Les violences se sont même multipliées, selon les rapports de plusieurs ONG, notamment avant la tenue le 9 février dernier des élections législatives et municipales.
"Les violences n'ont pas cessé", ont déploré lundi 16 évêques catholiques de différents pays du monde, dans une lettre adressée au président Paul Biya, 86 ans dont 37 au pouvoir.Ces derniers exhortent son gouvernement à participer à des pourparlers avec les séparatistes.
- Médiation suisse -
"Il n'y aura pas de victoire militaire pour aucun des côtés", écrivent-ils."Une solution durable doit venir d'un processus de médiation qui inclut autant les groupes séparatistes armés anglophones que les représentants de la société civile non violents", ajoutent les évêques, appelant Yaoundé à participer aux discussions proposées par la Suisse.
Depuis plusieurs mois, la diplomatie suisse tente de susciter des discussions entre Yaoundé et les séparatistes anglophones.

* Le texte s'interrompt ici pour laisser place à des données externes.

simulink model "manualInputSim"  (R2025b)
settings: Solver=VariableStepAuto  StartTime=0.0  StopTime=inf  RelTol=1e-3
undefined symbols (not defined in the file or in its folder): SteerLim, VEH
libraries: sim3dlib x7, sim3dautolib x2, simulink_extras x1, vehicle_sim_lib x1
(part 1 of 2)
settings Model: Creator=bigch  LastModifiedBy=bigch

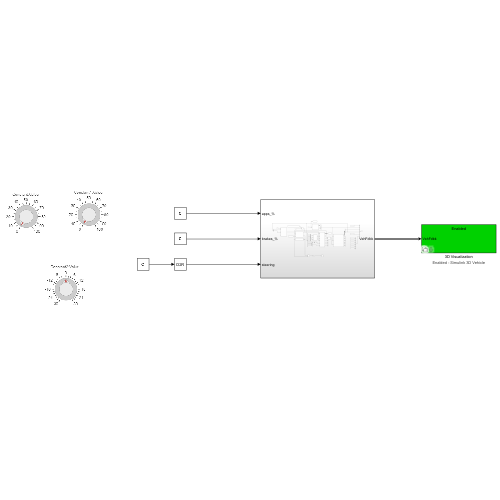
[thumbnail: Simulink's stored preview of the top-level diagram]
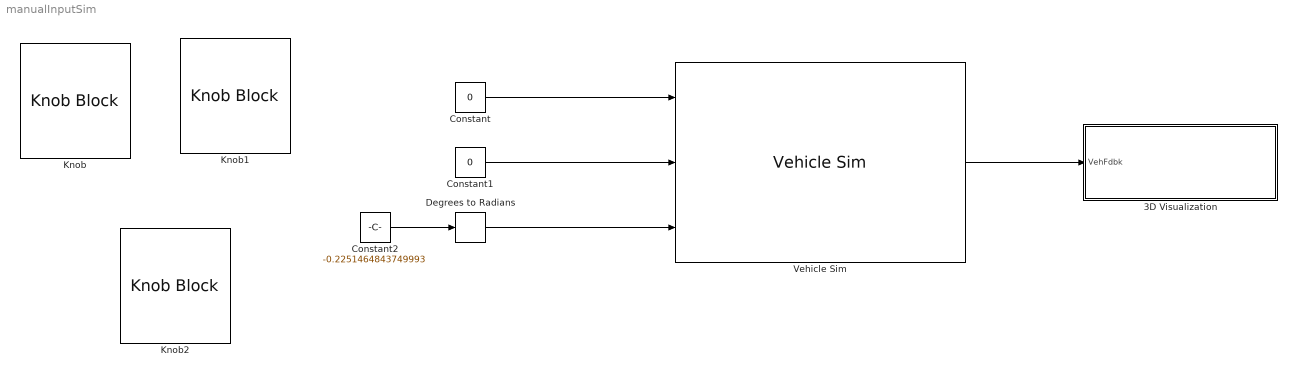
== system manualInputSim ==
  3D Visualization : Subsystem  Variant=on  VariantControl=Choice  mask(3D Visualization Setup){engine3D=Enabled - Simulink 3D Vehicle, conesOn=off, annotOn=off, pathOn=off, InitialPos=[ 0, 0, 0 ], InitialRot=[0, 0, 0], Ts=1/60}
      mask prompts: engine3D "Visualization Mode:"; conesOn "Include cones"; annotOn "Include annotations"; pathOn "Include path markers"; InitialPos "shared_sim3dblks:sim3dblkVehicleWithGroundFollowingVDBS:blkPrm_InitialPos"; InitialRot "shared_sim3dblks:sim3dblkVehicleWithGroundFollowingVDBS:blkPrm_InitialRotSAE"; Ts "shared_sim3dblks:sim3dblkConfig:Ts"
      mask help: This is an example specific block designed to only work with vydnblksskidpad.slx. It is used in conjuction with the vehicle subystem to provide options for the 3D game engine visualization (requires Simulink 3D Animation).
      mask init:
      | visType = get_param(gcb,"engine3D");
      | switch visType
      |     case "Disabled"
      |         autoblksenableparameters(gcb, [],{'conesOn';'annotOn';'pathOn'},[],[],true);
      |         set_param([bdroot '/Formula Student Vehicle'],'vehType','Simulink Physics')
      |     case "Enabled - Ground Following Vehicle"
      |         set_param([bdroot '/Formula Student Vehicle'],'vehType','Simulink Physics')
      |         autoblksenableparameters(gcb, {'conesOn';'annotOn';'pathOn'},[],[],[],true);
      |     case "Enabled - Game Physics Vehicle"
      |         set_param([bdroot '/Formula Student Vehicle'],'vehType','Game Engine Physics')
      |         autoblksenableparameters(gcb, {'conesOn';'annotOn';'pathOn'},[],[],[],true);
      | end
      settings: AttributesFormatString=%<engine3D>
      mask TypeOptions engine3D: Disabled | Enabled - Simulink 3D Vehicle | Enabled - Game Physics Vehicle
      mask Callback engine3D:
      | if strcmp(get_param(gcb,"engine3D"),"Disabled")
      |     autoblksenableparameters(gcb, [],{'conesOn';'annotOn';'pathOn'},[],[],true);
      | else
      |     autoblksenableparameters(gcb, {'conesOn';'annotOn';'pathOn'},[],[],[],true);
      | end
      mask DialogControl InitialPos Prompt: Initial position [X, Y, Z], InitialPos [m]:
      mask DialogControl InitialRot Prompt: Initial rotation [Roll, Pitch, Yaw], InitialRot [rad]:
      mask DialogControl Ts Prompt: Sample time:
  Constant : Constant  Value=0
  Constant1 : Constant  Value=0
  Constant2 : Constant  Value=-0.2251464843749993
  Degrees to Radians : simulink_extras/Transformations/Degrees to Radians
  Knob : KnobBlock
  Knob1 : KnobBlock
  Knob2 : KnobBlock  ScaleMin=-30  ScaleMax=30
  Vehicle Sim : vehicle_sim_lib/Vehicle Sim  SystemSampleTime=-1  VariantActivationTime=update diagram  EmptyChoice=off  PassThrough=off  PassThroughVariantControl=(default)  EmptyChoiceVariantControl=(default)  AllowFlexibleInterface=on  Latency=0  AutoFrameSizeCalculation=off
  wires:
  Constant1/1 -> Vehicle Sim/2
  Degrees to Radians/1 -> Vehicle Sim/3
  Vehicle Sim/1 -> 3D Visualization/1(VehFdbk)
  Constant/1 -> Vehicle Sim/1
  Constant2/1 -> Degrees to Radians/1

== system manualInputSim/3D Visualization ==
  VehFdbk : Inport
  Disabled : Subsystem  VariantControl=engine3D==1
  Enabled : Subsystem  VariantControl=engine3D~=1

== system manualInputSim/3D Visualization/Disabled ==

== system manualInputSim/3D Visualization/Enabled ==
  VehFdbk : Inport
  3D Visualization : Subsystem  Variant=on  VariantControl=Choice
  Cones : Subsystem  Variant=on  VariantControl=Choice
  wires:
  VehFdbk/1 -> 3D Visualization/1(VehFdbk)

== system manualInputSim/3D Visualization/Enabled/3D Visualization ==
  VehFdbk : Inport
  Disabled : Subsystem  VariantControl=engine3D==1
  Ground Following : Subsystem  VariantControl=engine3D==4
  Physical Vehicle : Subsystem  VariantControl=engine3D==3
  Simulation 3D Vehicle : Subsystem  VariantControl=engine3D==2

== system manualInputSim/3D Visualization/Enabled/Cones ==
  Disabled : Subsystem  VariantControl=conesOn==0
  Enabled : Subsystem  VariantControl=conesOn==1

== system manualInputSim/3D Visualization/Enabled/3D Visualization/Disabled ==

== system manualInputSim/3D Visualization/Enabled/3D Visualization/Ground Following ==
  VehFdbk : Inport
  Annotations : Subsystem  Variant=on  VariantControl=Annotations
  Bus Selector3 : BusSelector  OutputSignals=VehFdbk.InertFrm.Cg.Disp.X,VehFdbk.InertFrm.Cg.Disp.Y,VehFdbk.InertFrm.Cg.Ang.psi,Driver.Light controls
  Path : Subsystem  Variant=on  VariantControl=Choice
  Simulation 3D Scene Configuration : sim3dlib/Simulation 3D Scene Configuration  Priority=0  ProjectFormat=Default Scenes  SceneDesc=Open surface  ProjectName=C:\Program Files\MATLAB\R2025b\toolbox\shared\sim3d_projects\automotive_project_windows\UE\WindowsNoEditor\VehicleSimulation.exe  ScenePath=/Game/Maps/HwStrght  EnableOpenDRIVE=off  vehTagList={'Custom';'GamePhysVehPath';'GrndVehPath';'Scene Origin';'Sim3dActor1';'SimulinkPhysVehPath';'SimulinkVehicle1';'SimulinkVehicle2';'SimulinkVehicle3'}  vehTag=SimulinkVehicle3  AttachedCameraRelativeTranslation=[0 0 0]  FreeCameraDefaultInitialTranslation=[-6, 0, 2]  AttachedCameraRelativeRotation=[0 0 0]  FreeCameraDefaultInitialRotation=[0, -15, 0]  ViewpointName=Custom  FreeCameraInitialTranslation=[0 0 0]  ViewpointTranslation=[0 0 0]  FreeCameraInitialRotation=[0 0 0]  ViewpointRotation=[0 0 0]  OpVisEn=off  Ts=Ts  EnableWindow=on  EnableRemoteAccess=off  EnableWeather=off  SunAzimuth=90  SunAltitude=40.0  EnableGeospatialSun=off  Latitude=0  Longitude=0  Date=2023-01-01  Time=10:30:00  GeoTimeZone=-5.0  SunDaylightSaving=off  wind=1  clouds=10  EnableVolumetricClouds=off  CloudCoverage=0  CloudAltitude=6  fog=0  rain=0  RaindropsEffect=off  SnowDensity=0  EnableGeospatial=off  TilesetSource=Earth terrain  UseTrueOrigin=off  OriginHeight=200  OriginLatitude=40.744652  OriginLongitude=-73.988864  MapStyle=Aerial  AdditionalAssetIDs=[]  UseAdvancedSunSky=off  SolarTime=11  TimeZone=-5  Day=21  Month=9  Year=2022  UseDaylightSavingTime=on  DSTStartDay=10  DSTStartMonth=3  DSTEndDay=3  DSTEndMonth=11  DSTSwitchHour=2  sensorTag=MainCamera1  sensorId=1  sensorName=MainCamera1  mountLoc=Origin  offsetFlag=off  tmountOffset=[0, 0, 0]  rmountOffset=[0, 0, 0]  HorizontalResolution=1280  VerticalResolution=720  HorizontalFOV=60  mountPoint=[0 0 0]  mountOrientation=[0 0 0]  aMode=2  ID=1  GeoTrigger=Inactive  ViewNameList={'Custom'}  ViewTranslationList={'[0 0 0]'}  ViewRotationList={'[0 0 0]'}
      settings: LibrarySourceBlock=vdynlib/Vehicle Scenarios/Sim3D/Sim3D Core/Simulation 3D Scene Configuration
  Simulation 3D Vehicle with Ground Following : sim3dautolib/Simulation 3D Vehicle with Ground Following VDBS  Priority=-1  PassVehMesh=Hatchback  MeshPath=/MathWorksSimulation/Vehicles/Muscle/Meshes/SK_MuscleCar.SK_MuscleCar  TrackWidth=1.9  WheelBase=3  WheelRadius=0.35  VehColor=Red  CoordinateSystem=SAE  InitialPos=[ VEH.InitialLongPosition, VEH.InitialLatPosition, VEH.InitialVertPosition ]  InitialRot=[VEH.InitialRollAngle VEH.InitialPitchAngle VEH.InitialYawAngle]  ActorName=SimulinkVehicle3  VehLightsControl=on  HeadlightColor=[ 1, 1, 1 ]  HighBeamIntensity=100000  LowBeamIntensity=60000  HighBeamConeAngle=1.22  LowBeamConeAngle=1.22  LeftHeadlightOrientation=[ 0, 0 ]  RightHeadlightOrientation=[ 0, 0 ]  BrakelightIntensity=200  ReverselightIntensity=500  SignallightIntensity=500  SignallightPeriod=1  SignalPulseWidth=50  SampleTime=Ts  ActorType=SimulinkVehicle  ID=3  aMode=2  ActorTag=SimulinkVehicle3  CoordinateScheme=SAE
      settings: LibrarySourceBlock=vehdynlibsim3d/Simulation 3D Vehicle with Ground Following
  wires:
  Bus Selector3/1 -> Simulation 3D Vehicle with Ground Following/1  "<X>"
  VehFdbk/1 -> Path/1(VehFdbk), Annotations/1(VehFdbk), Bus Selector3/1
  Bus Selector3/2 -> Simulation 3D Vehicle with Ground Following/2  "<Y>"
  Bus Selector3/4 -> Simulation 3D Vehicle with Ground Following/4  "<Light controls>"
  Bus Selector3/3 -> Simulation 3D Vehicle with Ground Following/3  "<psi>"

== system manualInputSim/3D Visualization/Enabled/3D Visualization/Physical Vehicle ==
  VehFdbk : Inport
  Annotations : Subsystem  Variant=on  VariantControl=Annotations
  Path : Subsystem  Variant=on  VariantControl=Choice
  Simulation 3D Scene Configuration : sim3dlib/Simulation 3D Scene Configuration  Priority=0  ProjectFormat=Default Scenes  SceneDesc=Open surface  ProjectName=C:\Program Files\MATLAB\R2025b\toolbox\shared\sim3d_projects\automotive_project_windows\UE\WindowsNoEditor\VehicleSimulation.exe  ScenePath=/Game/Maps/HwStrght  UEProjPath=L:\Bsim3d\scm\automotive_project_UE4\main\src\main\AutoVrtlEnv\AutoVrtlEnv.uproject  EnableOpenDRIVE=off  vehTagList={'Custom';'GamePhysVehPath';'GrndVehPath';'Scene Origin';'Sim3dActor1';'SimulinkPhysVehPath';'SimulinkVehicle1';'SimulinkVehicle2';'SimulinkVehicle3'}  vehTag=SimulinkVehicle2  AttachedCameraRelativeTranslation=[0 0 0]  FreeCameraDefaultInitialTranslation=[-6, 0, 2]  AttachedCameraRelativeRotation=[0 0 0]  FreeCameraDefaultInitialRotation=[0, -15, 0]  ViewpointName=Custom  FreeCameraInitialTranslation=[0 0 0]  ViewpointTranslation=[0 0 0]  FreeCameraInitialRotation=[0 0 0]  ViewpointRotation=[0 0 0]  OpVisEn=off  Ts=Ts  EnableWindow=on  EnableRemoteAccess=off  EnableWeather=off  SunAzimuth=90  SunAltitude=40.0  EnableGeospatialSun=off  Latitude=0  Longitude=0  Date=2023-01-01  Time=10:30:00  GeoTimeZone=-5.0  SunDaylightSaving=off  wind=1  clouds=10  EnableVolumetricClouds=off  CloudCoverage=0  CloudAltitude=6  fog=0  rain=0  RaindropsEffect=off  SnowDensity=0  EnableGeospatial=off  TilesetSource=Earth terrain  UseTrueOrigin=off  OriginHeight=200  OriginLatitude=40.744652  OriginLongitude=-73.988864  MapStyle=Aerial  AdditionalAssetIDs=[]  UseAdvancedSunSky=off  SolarTime=11  TimeZone=-5  Day=21  Month=9  Year=2022  UseDaylightSavingTime=on  DSTStartDay=10  DSTStartMonth=3  DSTEndDay=3  DSTEndMonth=11  DSTSwitchHour=2  sensorTag=MainCamera2  sensorId=2  sensorName=MainCamera2  mountLoc=Origin  offsetFlag=off  tmountOffset=[0, 0, 0]  rmountOffset=[0, 0, 0]  HorizontalResolution=1280  VerticalResolution=720  HorizontalFOV=60  mountPoint=[0 0 0]  mountOrientation=[0 0 0]  aMode=2  ID=2  GeoTrigger=Inactive  ViewNameList={'Custom'}  ViewTranslationList={'[0 0 0]'}  ViewRotationList={'[0 0 0]'}
      settings: LibrarySourceBlock=vdynlib/Vehicle Scenarios/Sim3D/Sim3D Core/Simulation 3D Scene Configuration
  wires:
  VehFdbk/1 -> Path/1(VehFdbk), Annotations/1(VehFdbk)

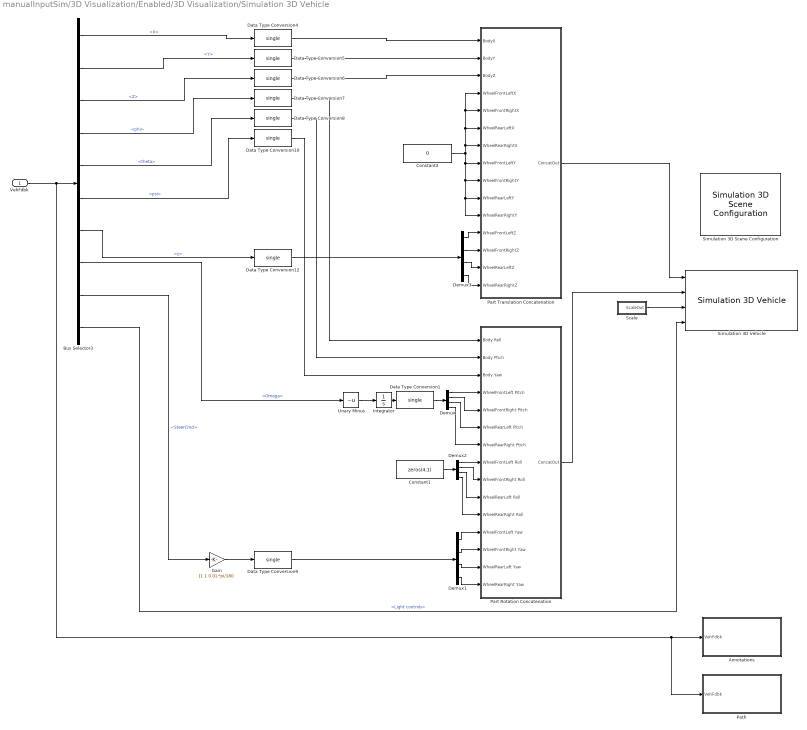
== system manualInputSim/3D Visualization/Enabled/3D Visualization/Simulation 3D Vehicle ==
  VehFdbk : Inport
  Annotations : Subsystem  Variant=on  VariantControl=Annotations
  Bus Selector3 : BusSelector  OutputSignals=InertFrm.Cg.Disp.X,InertFrm.Cg.Disp.Y,InertFrm.Cg.Disp.Z,InertFrm.Cg.Ang.phi,InertFrm.Cg.Ang.theta,InertFrm.Cg.Ang.psi,Wheels.z,Wheels.Omega,SteerCmd,Light controls
  Constant1 : Constant  Value=zeros(4,1)  OutDataTypeStr=single
  Constant2 : Constant  Value=0  OutDataTypeStr=single
  Data Type Conversion{1,4..10,12} (9 alike) : DataTypeConversion  OutDataTypeStr=single  SaturateOnIntegerOverflow=off  RndMeth=Floor
  Demux{,1..3} (4 alike) : Demux
  Gain : Gain  Gain=[1 1 0 0].*pi/180
  Integrator : Integrator  WrapState=on  WrappedStateUpperValue=2*pi  WrappedStateLowerValue=0  ZeroCross=off
  Part Rotation Concatenation : Subsystem
  Part Translation Concatenation : Subsystem
  Path : Subsystem  Variant=on  VariantControl=Choice
  Scale : Subsystem
  Simulation 3D Scene Configuration : sim3dlib/Simulation 3D Scene Configuration  Priority=0  ProjectFormat=Default Scenes  SceneDesc=Double lane change  ProjectName=C:\Program Files\MATLAB\R2025b\toolbox\shared\sim3d_projects\automotive_project_windows\UE\WindowsNoEditor\VehicleSimulation.exe  ScenePath=/Game/Maps/BlackLake  EnableOpenDRIVE=off  vehTagList={'Custom';'GamePhysVehPath';'GrndVehPath';'Scene Origin';'Sim3dActor1';'SimulinkPhysVehPath';'SimulinkVehicle1';'SimulinkVehicle3'}  vehTag=SimulinkVehicle1  AttachedCameraRelativeTranslation=[0 0 0]  FreeCameraDefaultInitialTranslation=[-6, 0, 2]  AttachedCameraRelativeRotation=[0 0 0]  FreeCameraDefaultInitialRotation=[0, -15, 0]  ViewpointName=Custom  FreeCameraInitialTranslation=[0 0 0]  ViewpointTranslation=[0 0 0]  FreeCameraInitialRotation=[0 0 0]  ViewpointRotation=[0 0 0]  OpVisEn=off  Ts=Ts  EnableWindow=on  EnableRemoteAccess=off  EnableWeather=off  SunAzimuth=90  SunAltitude=40.0  EnableGeospatialSun=off  Latitude=0  Longitude=0  Date=2023-01-01  Time=10:30:00  GeoTimeZone=-5.0  SunDaylightSaving=off  wind=1  clouds=10  EnableVolumetricClouds=off  CloudCoverage=0  CloudAltitude=6  fog=0  rain=0  RaindropsEffect=off  SnowDensity=0  EnableGeospatial=off  TilesetSource=Earth terrain  UseTrueOrigin=off  OriginHeight=200  OriginLatitude=40.744652  OriginLongitude=-73.988864  MapStyle=Aerial  AdditionalAssetIDs=[]  UseAdvancedSunSky=off  SolarTime=11  TimeZone=-5  Day=21  Month=9  Year=2022  UseDaylightSavingTime=on  DSTStartDay=10  DSTStartMonth=3  DSTEndDay=3  DSTEndMonth=11  DSTSwitchHour=2  sensorTag=MainCamera1  sensorId=1  sensorName=MainCamera1  mountLoc=Origin  offsetFlag=off  tmountOffset=[0, 0, 0]  rmountOffset=[0, 0, 0]  HorizontalResolution=1280  VerticalResolution=720  HorizontalFOV=60  mountPoint=[0 0 0]  mountOrientation=[0 0 0]  aMode=2  ID=1  GeoTrigger=Inactive  ViewNameList={'Custom'}  ViewTranslationList={'[0 0 0]'}  ViewRotationList={'[0 0 0]'}
      settings: LibrarySourceBlock=vdynlib/Vehicle Scenarios/Sim3D/Sim3D Core/Simulation 3D Scene Configuration
  Simulation 3D Vehicle : sim3dautolib/Simulation 3D Vehicle  Priority=-1  PassVehMesh=Formula student vehicle  MeshPath=/MathWorksSimulation/Vehicles/Muscle/Meshes/SK_MuscleCar.SK_MuscleCar  VehColor=Red  ActorName=SimulinkVehicle1  VehLightsControl=on  HeadlightColor=[ 1, 1, 1 ]  HighBeamIntensity=100000  LowBeamIntensity=60000  HighBeamConeAngle=1.22  LowBeamConeAngle=1.22  LeftHeadlightOrientation=[ 0, 0 ]  RightHeadlightOrientation=[ 0, 0 ]  BrakelightIntensity=500  ReverselightIntensity=500  SignallightIntensity=500  SignallightPeriod=1  SignalPulseWidth=50  Translation=[ 0, 0, 0; zeros(4,3)]  Rotation=[0 0 0; zeros( 4, 3 )]  Scale=ones( 5, 3 )  SampleTime=Ts  ActorType=SimulinkVehicle  ID=1  aMode=2  ActorTag=SimulinkVehicle1
      settings: LibrarySourceBlock=vdynlib/Vehicle Scenarios/Sim3D/Sim3D Vehicle/Components/Simulation 3D Vehicle
  Unary Minus : UnaryMinus
  wires:
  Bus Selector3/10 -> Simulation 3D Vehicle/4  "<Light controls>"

Au Cameroun, la société civile continuent elle aussi de mettre la pression sur Yaoundé.
Mardi, le Réseau des défenseurs des droits humains en Afrique centrale (Redhac) a exhorté le président Biya à "déclarer un cessez-le-feu dans les régions du Nord-Ouest et du Sud-ouest" et à libérer les séparatistes emprisonnés pour permettre "des négociations saines et vraiment inclusives".
L'organisation s'est également inquiétée dans son communiqué de l'intensification des violences dans l'Extrême-nord du pays, où le groupe jihadiste Boko Haram multiplie les attaques.
Depuis 2014, l'armée tente, avec l'aide de groupes d'auto-défense, d'éradiquer ce groupe qui pille, tue et terrorise les populations.Mais des exactions de militaires contre des civils ont été aussi relevées par des ONG.
Hasard du calendrier, lundi, le procès des sept militaires accusés d'avoir exécuté en 2015 dans cette région deux femmes et leurs bébés, a repris avant d'être renvoyé au 2 mars, selon des sources judiciaires.
Ouvert en juillet 2019, ce procès a été ajourné à plusieurs reprises.A l'époque de ces assassinats, révélés par une vidéo, le gouvernement avait parlé de "fake news" et d'"horrible trucage", avant de se rétracter et d'arrêter les sept militaires.